%%
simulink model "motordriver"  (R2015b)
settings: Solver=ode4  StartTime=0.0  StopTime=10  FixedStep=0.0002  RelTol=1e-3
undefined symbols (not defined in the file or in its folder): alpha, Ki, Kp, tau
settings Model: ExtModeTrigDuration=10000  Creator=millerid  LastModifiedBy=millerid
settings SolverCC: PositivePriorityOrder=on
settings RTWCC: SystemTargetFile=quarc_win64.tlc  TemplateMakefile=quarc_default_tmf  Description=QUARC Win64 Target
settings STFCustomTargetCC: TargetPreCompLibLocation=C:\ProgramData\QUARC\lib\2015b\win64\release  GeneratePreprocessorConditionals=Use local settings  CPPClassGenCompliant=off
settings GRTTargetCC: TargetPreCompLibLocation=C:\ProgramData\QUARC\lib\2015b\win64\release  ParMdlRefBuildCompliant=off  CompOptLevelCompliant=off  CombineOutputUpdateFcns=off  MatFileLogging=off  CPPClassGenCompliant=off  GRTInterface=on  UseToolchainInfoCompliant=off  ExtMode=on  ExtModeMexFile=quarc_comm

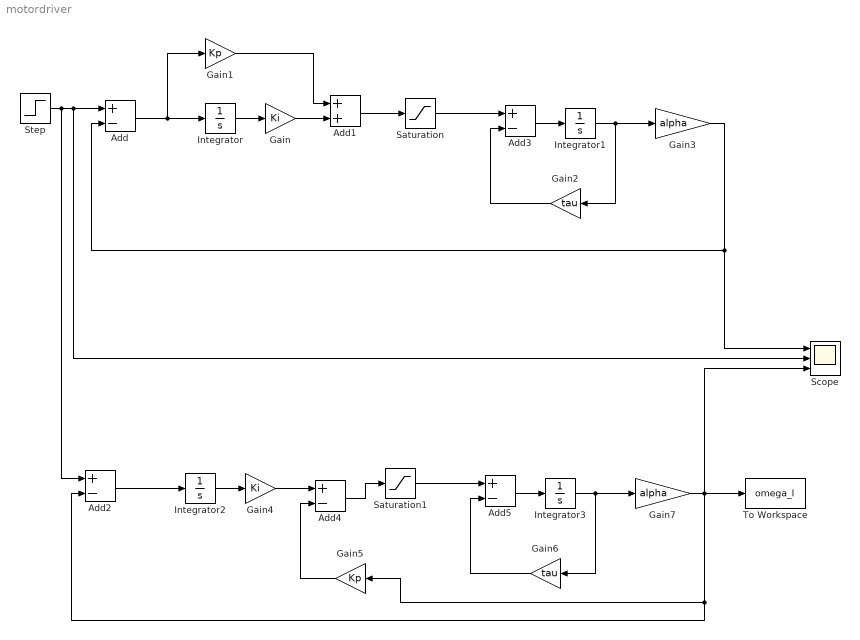
== system motordriver ==
  Add{,2..5} (5 alike) : Sum  Inputs=+-
  Add1 : Sum
  Gain : Gain  Gain=Ki
  Gain1 : Gain  Gain=Kp
  Gain2 : Gain  Gain=tau
  Gain3 : Gain  Gain=alpha
  Gain4 : Gain  Gain=Ki
  Gain5 : Gain  Gain=Kp
  Gain6 : Gain  Gain=tau
  Gain7 : Gain  Gain=alpha
  Integrator{,1..3} (4 alike) : Integrator
  Saturation : Saturate  UpperLimit=10  LowerLimit=-10
  Saturation1 : Saturate  UpperLimit=10  LowerLimit=-10
  Scope : Scope  NumInputPorts=3
  Step : Step  Time=0  After=7.5  SampleTime=0
  To Workspace : ToWorkspace  VariableName=omega_l  SaveFormat=Timeseries  SampleTime=-1
  wires:
  Add/1 -> Gain1/1, Integrator/1
  Integrator/1 -> Gain/1
  Gain/1 -> Add1/2
  Gain1/1 -> Add1/1
  Add1/1 -> Saturation/1
  Integrator1/1 -> Gain3/1, Gain2/1
  Gain2/1 -> Add3/2
  Add3/1 -> Integrator1/1
  Saturation/1 -> Add3/1
  Gain3/1 -> Scope/1, Add/2
  Add2/1 -> Integrator2/1
  Integrator2/1 -> Gain4/1
  Gain4/1 -> Add4/1
  Add4/1 -> Saturation1/1
  Integrator3/1 -> Gain7/1, Gain6/1
  Gain6/1 -> Add5/2
  Add5/1 -> Integrator3/1
  Saturation1/1 -> Add5/1
  Gain7/1 -> Scope/3, To Workspace/1, Gain5/1, Add2/2
  Step/1 -> Add2/1, Scope/2, Add/1
  Gain5/1 -> Add4/2
%%
▶ _Exercise_
Copy each entry exactly as written. Pictures do not belong in the copy.

▶ _Exercise answer_
simulink model "motordriver"  (R2015b)
settings: Solver=ode4  StartTime=0.0  StopTime=10  FixedStep=0.0002  RelTol=1e-3
undefined symbols (not defined in the file or in its folder): alpha, Ki, Kp, tau
settings Model: ExtModeTrigDuration=10000  Creator=millerid  LastModifiedBy=millerid
settings SolverCC: PositivePriorityOrder=on
settings RTWCC: SystemTargetFile=quarc_win64.tlc  TemplateMakefile=quarc_default_tmf  Description=QUARC Win64 Target
settings STFCustomTargetCC: TargetPreCompLibLocation=C:\ProgramData\QUARC\lib\2015b\win64\release  GeneratePreprocessorConditionals=Use local settings  CPPClassGenCompliant=off
settings GRTTargetCC: TargetPreCompLibLocation=C:\ProgramData\QUARC\lib\2015b\win64\release  ParMdlRefBuildCompliant=off  CompOptLevelCompliant=off  CombineOutputUpdateFcns=off  MatFileLogging=off  CPPClassGenCompliant=off  GRTInterface=on  UseToolchainInfoCompliant=off  ExtMode=on  ExtModeMexFile=quarc_comm

== system motordriver ==
  Add{,2..5} (5 alike) : Sum  Inputs=+-
  Add1 : Sum
  Gain : Gain  Gain=Ki
  Gain1 : Gain  Gain=Kp
  Gain2 : Gain  Gain=tau
  Gain3 : Gain  Gain=alpha
  Gain4 : Gain  Gain=Ki
  Gain5 : Gain  Gain=Kp
  Gain6 : Gain  Gain=tau
  Gain7 : Gain  Gain=alpha
  Integrator{,1..3} (4 alike) : Integrator
  Saturation : Saturate  UpperLimit=10  LowerLimit=-10
  Saturation1 : Saturate  UpperLimit=10  LowerLimit=-10
  Scope : Scope  NumInputPorts=3
  Step : Step  Time=0  After=7.5  SampleTime=0
  To Workspace : ToWorkspace  VariableName=omega_l  SaveFormat=Timeseries  SampleTime=-1
  wires:
  Add/1 -> Gain1/1, Integrator/1
  Integrator/1 -> Gain/1
  Gain/1 -> Add1/2
  Gain1/1 -> Add1/1
  Add1/1 -> Saturation/1
  Integrator1/1 -> Gain3/1, Gain2/1
  Gain2/1 -> Add3/2
  Add3/1 -> Integrator1/1
  Saturation/1 -> Add3/1
  Gain3/1 -> Scope/1, Add/2
  Add2/1 -> Integrator2/1
  Integrator2/1 -> Gain4/1
  Gain4/1 -> Add4/1
  Add4/1 -> Saturation1/1
  Integrator3/1 -> Gain7/1, Gain6/1
  Gain6/1 -> Add5/2
  Add5/1 -> Integrator3/1
  Saturation1/1 -> Add5/1
  Gain7/1 -> Scope/3, To Workspace/1, Gain5/1, Add2/2
  Step/1 -> Add2/1, Scope/2, Add/1
  Gain5/1 -> Add4/2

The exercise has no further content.